NOTE: BAC .25-.30 = Drinkers display general inertia, near total loss of motor functions, little response to stimuli, inability to stand or walk; may lose consciousness or fall into a stupor http://www.intheknowzone.com/substance-abuse-topics/binge-drinking/blood-alcohol-concentration.html

turning point

It was difficult for me to muster the sympathy for him as I sat handcuffed in a police car. I was the one who tried many times to make it work. Counseling, self-help books, meditation.

Besides, sitting there in the back of that cruiser, lights rolling and cuffs digging into my injured wrist, I wondered this: since she really felt he had alcohol abuse issues, why was I the one being taken to jail?!

I was the one who had to strip naked in front of a uniformed officer after having just been beaten by one;

* who was then told, sarcastically, I should keep my wedding ring on as an exception to their policy of removing all jewelry (I pulled it off and handed it to her);

* who spent two days in jail because my arraignment was delayed;

* who didn’t know she was covered in bruises (no mirrors in the jail cell) when the guard demanded I announce aloud in front of everyone who did that to me;

* who had to have her 16-year-old daughter bail her out of jail;

* who had a mugshot posted on the internet, forced shamefully to defend oneself.

But no positive change in him occurred. He always turned it back on me at some point.

After great emotional pain and disruption to my daughter’s life, the charge against me was dismissed. That happened quickly after the prosecutor got it. She found it had no basis.

But before that dismissal, when I would have been thrown back in jail had I contacted my abuser, he texted and called me repeatedly, trying to coerce me into contacting him. He even texted threats to my daughter that she’d be locked permanently out of our home if she didn’t get me to contact him. Manipulation, coersion, intimidation – these are injuries that show no visible bruises.

I did not waver. I adhered to the rules imposed on me. This was the defining moment. If I quaked and reverted to old behaviors of self-blame and negative self-talk, I’d never come back from that. It was especially important because I have a teenager subconsciously emulating my actions.

facing facts

The arresting officer did follow through on her promise to a file charge against my abuser. I saved the paperwork. It’s in my file cabinet. My file cabinet is the only place the charge will be. Because it was dropped – no mugshot, no fingerprints, no job loss – after his boss, on request from my X, talked with the prosecutor.

Typical. USA Today found 85,000 cops under investigation and 200,000 cases of alleged misconduct. Yet how many of those cases were prosecuted? How many of those officers lost their jobs? How many have their mugshot circulating the internet?
https://www.usatoday.com/in-depth/news/investigations/2019/04/24/usa-today-revealing-misconduct-records-police-cops/3223984002/

That report uncovered 2,307 cases of domestic violence. I wonder how many of those cases were dropped…
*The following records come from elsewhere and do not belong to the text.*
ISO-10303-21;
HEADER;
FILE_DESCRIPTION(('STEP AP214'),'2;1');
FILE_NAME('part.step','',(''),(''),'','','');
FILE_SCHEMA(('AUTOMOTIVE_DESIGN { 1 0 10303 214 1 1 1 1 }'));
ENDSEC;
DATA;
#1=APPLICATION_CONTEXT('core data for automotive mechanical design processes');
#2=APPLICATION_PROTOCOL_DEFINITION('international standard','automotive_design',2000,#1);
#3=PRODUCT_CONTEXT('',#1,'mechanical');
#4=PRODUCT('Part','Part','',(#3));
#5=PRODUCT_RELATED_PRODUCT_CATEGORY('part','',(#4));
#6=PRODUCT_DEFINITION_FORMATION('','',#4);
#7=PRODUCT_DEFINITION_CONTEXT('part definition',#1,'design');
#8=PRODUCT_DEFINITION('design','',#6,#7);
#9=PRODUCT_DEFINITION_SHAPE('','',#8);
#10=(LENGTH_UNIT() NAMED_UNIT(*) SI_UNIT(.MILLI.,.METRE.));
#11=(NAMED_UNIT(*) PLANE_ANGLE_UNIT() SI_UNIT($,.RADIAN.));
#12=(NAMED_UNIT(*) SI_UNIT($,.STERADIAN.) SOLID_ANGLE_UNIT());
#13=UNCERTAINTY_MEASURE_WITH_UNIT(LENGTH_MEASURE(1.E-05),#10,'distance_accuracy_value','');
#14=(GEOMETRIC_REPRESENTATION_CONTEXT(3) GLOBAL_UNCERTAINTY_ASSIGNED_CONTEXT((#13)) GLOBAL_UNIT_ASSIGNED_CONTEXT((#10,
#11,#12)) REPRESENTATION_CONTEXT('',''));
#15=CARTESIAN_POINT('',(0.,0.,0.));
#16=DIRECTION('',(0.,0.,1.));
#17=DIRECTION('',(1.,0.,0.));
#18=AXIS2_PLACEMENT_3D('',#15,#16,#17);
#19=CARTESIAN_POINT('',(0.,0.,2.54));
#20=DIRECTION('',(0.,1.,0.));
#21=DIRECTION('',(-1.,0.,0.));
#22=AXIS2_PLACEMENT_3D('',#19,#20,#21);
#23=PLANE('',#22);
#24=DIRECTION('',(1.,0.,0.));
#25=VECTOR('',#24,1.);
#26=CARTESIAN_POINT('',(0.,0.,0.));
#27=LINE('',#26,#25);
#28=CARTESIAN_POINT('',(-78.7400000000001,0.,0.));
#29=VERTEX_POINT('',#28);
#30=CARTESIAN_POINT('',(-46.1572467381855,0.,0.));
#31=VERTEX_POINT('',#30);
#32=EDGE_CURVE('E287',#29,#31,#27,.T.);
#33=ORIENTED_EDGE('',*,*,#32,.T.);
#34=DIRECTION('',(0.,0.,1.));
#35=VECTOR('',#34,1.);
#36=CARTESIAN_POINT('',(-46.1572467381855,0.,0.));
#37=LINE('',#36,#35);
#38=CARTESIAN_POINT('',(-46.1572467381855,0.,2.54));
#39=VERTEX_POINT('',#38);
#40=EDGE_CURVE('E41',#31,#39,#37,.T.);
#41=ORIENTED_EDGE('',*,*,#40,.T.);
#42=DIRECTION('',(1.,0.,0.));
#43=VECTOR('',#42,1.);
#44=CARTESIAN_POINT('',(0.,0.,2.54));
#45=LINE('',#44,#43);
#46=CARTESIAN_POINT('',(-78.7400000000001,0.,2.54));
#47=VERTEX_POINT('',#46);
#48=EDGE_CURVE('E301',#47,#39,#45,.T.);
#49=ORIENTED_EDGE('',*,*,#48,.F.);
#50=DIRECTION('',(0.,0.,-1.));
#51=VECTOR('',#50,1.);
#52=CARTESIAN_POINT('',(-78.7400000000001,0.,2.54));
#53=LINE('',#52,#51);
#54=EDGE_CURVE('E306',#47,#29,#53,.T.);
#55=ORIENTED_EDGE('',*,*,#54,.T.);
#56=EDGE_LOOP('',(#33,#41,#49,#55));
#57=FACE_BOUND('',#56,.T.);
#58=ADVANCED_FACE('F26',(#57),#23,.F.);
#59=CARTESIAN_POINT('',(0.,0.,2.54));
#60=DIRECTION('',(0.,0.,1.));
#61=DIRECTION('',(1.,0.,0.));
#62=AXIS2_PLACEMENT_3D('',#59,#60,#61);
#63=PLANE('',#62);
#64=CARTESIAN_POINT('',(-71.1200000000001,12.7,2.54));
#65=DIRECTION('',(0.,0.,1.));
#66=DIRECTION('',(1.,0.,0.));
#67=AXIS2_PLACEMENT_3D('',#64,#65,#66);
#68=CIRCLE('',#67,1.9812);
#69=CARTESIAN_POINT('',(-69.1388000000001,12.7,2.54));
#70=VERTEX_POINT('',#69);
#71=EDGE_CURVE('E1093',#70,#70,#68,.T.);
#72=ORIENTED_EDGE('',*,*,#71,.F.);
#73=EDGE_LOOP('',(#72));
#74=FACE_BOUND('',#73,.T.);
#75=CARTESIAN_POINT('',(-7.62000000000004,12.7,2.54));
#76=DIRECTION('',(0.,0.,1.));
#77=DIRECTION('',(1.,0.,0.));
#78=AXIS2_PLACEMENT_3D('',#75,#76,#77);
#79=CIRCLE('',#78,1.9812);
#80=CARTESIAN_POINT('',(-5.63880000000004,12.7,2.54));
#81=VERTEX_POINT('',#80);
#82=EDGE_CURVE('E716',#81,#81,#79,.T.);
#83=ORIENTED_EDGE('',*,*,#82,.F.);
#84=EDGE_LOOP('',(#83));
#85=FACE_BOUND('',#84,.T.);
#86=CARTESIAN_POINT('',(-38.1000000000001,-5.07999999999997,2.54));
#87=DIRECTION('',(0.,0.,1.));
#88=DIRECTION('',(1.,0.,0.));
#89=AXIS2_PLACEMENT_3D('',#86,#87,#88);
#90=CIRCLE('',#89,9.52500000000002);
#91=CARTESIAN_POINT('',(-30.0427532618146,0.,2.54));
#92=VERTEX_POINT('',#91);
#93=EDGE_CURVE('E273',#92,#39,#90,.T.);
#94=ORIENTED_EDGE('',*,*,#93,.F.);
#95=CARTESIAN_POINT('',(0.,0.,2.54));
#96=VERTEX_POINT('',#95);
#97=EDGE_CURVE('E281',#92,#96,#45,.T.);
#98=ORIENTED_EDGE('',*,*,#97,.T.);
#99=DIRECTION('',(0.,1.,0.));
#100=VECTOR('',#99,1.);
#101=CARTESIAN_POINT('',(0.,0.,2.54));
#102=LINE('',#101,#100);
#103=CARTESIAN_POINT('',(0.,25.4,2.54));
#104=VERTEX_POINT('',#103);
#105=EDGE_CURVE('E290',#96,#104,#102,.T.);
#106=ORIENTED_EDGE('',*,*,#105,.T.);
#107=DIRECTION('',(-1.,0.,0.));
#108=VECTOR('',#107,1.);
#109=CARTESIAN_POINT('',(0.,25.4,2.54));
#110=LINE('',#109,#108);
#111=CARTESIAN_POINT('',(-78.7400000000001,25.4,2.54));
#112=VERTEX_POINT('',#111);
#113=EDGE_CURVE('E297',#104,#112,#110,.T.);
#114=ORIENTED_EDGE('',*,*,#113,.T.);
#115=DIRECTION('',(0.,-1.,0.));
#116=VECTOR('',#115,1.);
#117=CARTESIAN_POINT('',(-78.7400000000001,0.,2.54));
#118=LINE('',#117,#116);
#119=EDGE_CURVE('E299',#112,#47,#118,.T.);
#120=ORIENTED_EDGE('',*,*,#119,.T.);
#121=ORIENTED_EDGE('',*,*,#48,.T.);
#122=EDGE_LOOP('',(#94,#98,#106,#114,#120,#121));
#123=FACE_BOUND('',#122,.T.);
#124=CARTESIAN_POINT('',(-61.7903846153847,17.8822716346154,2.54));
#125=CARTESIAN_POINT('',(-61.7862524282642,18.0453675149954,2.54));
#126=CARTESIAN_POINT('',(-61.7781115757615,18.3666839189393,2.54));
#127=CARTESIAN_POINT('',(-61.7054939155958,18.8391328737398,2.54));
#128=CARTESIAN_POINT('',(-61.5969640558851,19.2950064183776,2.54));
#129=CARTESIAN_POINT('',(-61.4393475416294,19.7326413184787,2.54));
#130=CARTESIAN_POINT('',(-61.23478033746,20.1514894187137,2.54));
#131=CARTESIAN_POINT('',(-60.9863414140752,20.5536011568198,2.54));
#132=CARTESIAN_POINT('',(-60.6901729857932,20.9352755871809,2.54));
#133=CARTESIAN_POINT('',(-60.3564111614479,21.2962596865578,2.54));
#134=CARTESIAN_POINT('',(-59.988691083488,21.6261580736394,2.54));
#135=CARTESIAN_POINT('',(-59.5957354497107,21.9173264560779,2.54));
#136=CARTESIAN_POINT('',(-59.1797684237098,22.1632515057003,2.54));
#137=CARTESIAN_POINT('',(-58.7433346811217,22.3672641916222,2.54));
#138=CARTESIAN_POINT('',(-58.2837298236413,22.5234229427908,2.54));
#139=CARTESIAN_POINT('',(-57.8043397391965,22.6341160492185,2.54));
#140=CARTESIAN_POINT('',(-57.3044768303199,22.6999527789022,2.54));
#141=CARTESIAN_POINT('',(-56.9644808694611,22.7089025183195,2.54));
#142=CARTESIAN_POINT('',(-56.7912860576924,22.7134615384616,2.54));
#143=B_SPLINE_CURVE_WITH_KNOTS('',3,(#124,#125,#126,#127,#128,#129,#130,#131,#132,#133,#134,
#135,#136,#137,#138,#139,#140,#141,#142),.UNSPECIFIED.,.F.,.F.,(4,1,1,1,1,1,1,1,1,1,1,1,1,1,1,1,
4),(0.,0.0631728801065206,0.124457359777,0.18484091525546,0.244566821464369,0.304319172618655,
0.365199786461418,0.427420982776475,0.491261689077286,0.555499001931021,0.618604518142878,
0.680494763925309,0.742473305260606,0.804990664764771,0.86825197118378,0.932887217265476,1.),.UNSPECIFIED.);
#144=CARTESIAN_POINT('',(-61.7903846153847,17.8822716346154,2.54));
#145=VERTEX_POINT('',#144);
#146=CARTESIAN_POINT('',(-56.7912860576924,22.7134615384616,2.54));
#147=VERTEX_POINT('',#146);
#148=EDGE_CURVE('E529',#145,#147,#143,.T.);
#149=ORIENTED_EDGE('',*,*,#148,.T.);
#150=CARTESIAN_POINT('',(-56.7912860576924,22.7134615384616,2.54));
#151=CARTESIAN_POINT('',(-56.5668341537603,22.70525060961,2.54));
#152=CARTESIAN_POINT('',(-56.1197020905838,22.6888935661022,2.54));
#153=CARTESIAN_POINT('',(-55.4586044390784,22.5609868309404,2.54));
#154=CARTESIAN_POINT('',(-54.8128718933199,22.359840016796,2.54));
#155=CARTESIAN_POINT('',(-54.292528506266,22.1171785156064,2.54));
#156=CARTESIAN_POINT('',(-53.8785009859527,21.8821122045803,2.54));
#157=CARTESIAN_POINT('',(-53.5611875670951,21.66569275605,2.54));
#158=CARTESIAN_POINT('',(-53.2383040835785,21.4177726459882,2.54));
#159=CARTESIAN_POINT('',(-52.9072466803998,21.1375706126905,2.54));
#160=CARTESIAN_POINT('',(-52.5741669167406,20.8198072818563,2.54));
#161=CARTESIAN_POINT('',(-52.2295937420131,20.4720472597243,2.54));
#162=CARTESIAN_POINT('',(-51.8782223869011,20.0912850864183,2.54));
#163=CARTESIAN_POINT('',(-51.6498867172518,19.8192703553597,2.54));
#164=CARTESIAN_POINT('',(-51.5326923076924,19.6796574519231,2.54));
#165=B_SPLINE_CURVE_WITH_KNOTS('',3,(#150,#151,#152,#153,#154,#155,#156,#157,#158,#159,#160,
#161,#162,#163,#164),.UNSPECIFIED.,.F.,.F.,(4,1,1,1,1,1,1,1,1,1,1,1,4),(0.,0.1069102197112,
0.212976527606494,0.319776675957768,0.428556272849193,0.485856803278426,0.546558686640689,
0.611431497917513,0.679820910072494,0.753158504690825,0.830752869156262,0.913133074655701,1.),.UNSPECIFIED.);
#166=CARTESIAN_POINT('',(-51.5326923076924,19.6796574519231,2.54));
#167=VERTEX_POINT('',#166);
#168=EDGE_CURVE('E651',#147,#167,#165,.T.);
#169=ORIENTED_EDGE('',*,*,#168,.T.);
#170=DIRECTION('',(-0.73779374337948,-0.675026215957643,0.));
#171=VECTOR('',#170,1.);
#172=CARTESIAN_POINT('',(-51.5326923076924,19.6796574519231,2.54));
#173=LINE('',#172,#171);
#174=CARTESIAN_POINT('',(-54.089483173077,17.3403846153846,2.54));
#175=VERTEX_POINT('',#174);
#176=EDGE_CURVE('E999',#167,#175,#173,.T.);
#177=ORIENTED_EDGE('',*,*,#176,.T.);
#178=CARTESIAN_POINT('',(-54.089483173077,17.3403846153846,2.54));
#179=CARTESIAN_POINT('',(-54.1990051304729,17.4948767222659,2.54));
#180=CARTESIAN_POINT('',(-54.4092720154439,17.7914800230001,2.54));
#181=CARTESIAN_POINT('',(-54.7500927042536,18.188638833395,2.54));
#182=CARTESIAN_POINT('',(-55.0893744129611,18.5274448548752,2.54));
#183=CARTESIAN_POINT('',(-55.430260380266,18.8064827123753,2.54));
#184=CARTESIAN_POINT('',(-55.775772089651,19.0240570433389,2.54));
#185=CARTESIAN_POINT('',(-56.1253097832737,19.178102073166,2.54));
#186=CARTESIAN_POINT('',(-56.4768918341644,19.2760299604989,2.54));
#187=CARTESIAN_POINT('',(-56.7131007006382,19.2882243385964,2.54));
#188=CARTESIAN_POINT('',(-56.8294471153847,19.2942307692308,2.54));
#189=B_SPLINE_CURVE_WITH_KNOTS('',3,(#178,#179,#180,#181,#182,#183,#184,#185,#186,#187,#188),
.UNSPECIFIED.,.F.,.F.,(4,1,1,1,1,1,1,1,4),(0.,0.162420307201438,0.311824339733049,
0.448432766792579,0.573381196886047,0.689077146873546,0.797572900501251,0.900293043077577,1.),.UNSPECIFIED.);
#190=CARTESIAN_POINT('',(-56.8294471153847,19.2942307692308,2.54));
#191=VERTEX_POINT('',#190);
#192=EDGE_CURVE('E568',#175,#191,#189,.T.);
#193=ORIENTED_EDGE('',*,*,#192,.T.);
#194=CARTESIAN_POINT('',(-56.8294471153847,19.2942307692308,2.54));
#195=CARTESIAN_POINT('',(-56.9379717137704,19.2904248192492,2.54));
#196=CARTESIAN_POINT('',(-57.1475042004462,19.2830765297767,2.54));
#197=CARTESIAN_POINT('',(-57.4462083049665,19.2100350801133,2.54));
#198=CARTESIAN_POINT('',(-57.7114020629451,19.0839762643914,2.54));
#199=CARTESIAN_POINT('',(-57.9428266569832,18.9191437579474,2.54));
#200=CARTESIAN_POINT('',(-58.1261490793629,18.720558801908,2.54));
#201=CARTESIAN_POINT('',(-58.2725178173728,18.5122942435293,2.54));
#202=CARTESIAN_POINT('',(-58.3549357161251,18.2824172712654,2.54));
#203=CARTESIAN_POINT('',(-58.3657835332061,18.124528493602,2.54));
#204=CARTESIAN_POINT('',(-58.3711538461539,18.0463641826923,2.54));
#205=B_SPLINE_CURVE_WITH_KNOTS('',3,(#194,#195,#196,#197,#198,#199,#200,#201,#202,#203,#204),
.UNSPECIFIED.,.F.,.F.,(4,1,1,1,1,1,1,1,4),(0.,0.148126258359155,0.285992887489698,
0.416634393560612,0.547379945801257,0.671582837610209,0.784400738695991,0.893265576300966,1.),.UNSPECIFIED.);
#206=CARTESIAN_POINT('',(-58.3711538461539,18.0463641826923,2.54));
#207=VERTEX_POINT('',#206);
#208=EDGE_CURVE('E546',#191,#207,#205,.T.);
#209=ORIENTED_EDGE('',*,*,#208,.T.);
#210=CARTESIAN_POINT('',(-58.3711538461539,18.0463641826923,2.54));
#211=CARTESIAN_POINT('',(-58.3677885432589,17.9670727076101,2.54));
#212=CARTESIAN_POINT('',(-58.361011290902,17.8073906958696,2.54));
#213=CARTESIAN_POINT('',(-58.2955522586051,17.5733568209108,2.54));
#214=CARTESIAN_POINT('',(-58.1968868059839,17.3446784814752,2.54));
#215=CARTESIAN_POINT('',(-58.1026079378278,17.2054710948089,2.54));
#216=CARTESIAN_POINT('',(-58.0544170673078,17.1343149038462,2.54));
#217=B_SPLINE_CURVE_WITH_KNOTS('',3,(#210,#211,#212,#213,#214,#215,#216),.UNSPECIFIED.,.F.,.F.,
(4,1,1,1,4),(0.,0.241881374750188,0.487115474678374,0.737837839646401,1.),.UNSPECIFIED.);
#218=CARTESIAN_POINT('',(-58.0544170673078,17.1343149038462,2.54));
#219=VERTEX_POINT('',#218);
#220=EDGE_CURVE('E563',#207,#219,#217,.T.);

Forty percent of officers with domestic violence charges successfully pled down to nonviolent misdemeanors and kept their guns and badges, according to Voices of San Diego. https://www.voiceofsandiego.org/topics/public-safety/police-officers-who-commit-domestic-violence-often-get-to-keep-their-guns/

“Abuse is an open secret among police officers,” writes media executive Andrew Burmon. “Many officers claim that it’s the result of a stressful job. But … stress doesn’t really cause abuse. There are lots of stressful jobs. Paramedics and surgeons and firefighters don’t have this kind of problem. The more honest officers will tell you that policing is a job about control – controlling people and controlling chaotic environments. It attracts people with that mentality and that desire.”

no grudges

Being around law enforcement for 30-plus years, I know that not every cop commits domestic violence. Not every cop has rage. The Thin Blue Line doesn’t create monsters from every person who becomes an officer. But it does attract people who have aggression issues. It does, under the current design, focus on power and control over others. It does breed anger and narcissism at a faster rate than the general population.

Pew Research found that 71% of officers who are frequently angry and frustrated believe that “aggressive tactics are more useful than a courteous approach.” https://www.pewresearch.org/fact-tank/2017/03/09/roughly-one-in-five-police-frequently-feel-angry-and-frustrated-on-the-job/

Aggression and control permeated my former marriage. It wasn’t until I was discolored and stripped of self-esteem that I found the courage to stop it. To walk away. I didn’t return to my home until he was legally removed. I ended the marriage. I got myself and my daughter into counseling.

Today she’s enrolled on full earned-scholarships at a distinguished private university, studying marine science and sustainable business. She has meaningful friendships, beautiful artwork she has created and plays piano on ocassion. In fact, shout out @shop.ari.s.closet for believing in me enough to encourage me to go public with this.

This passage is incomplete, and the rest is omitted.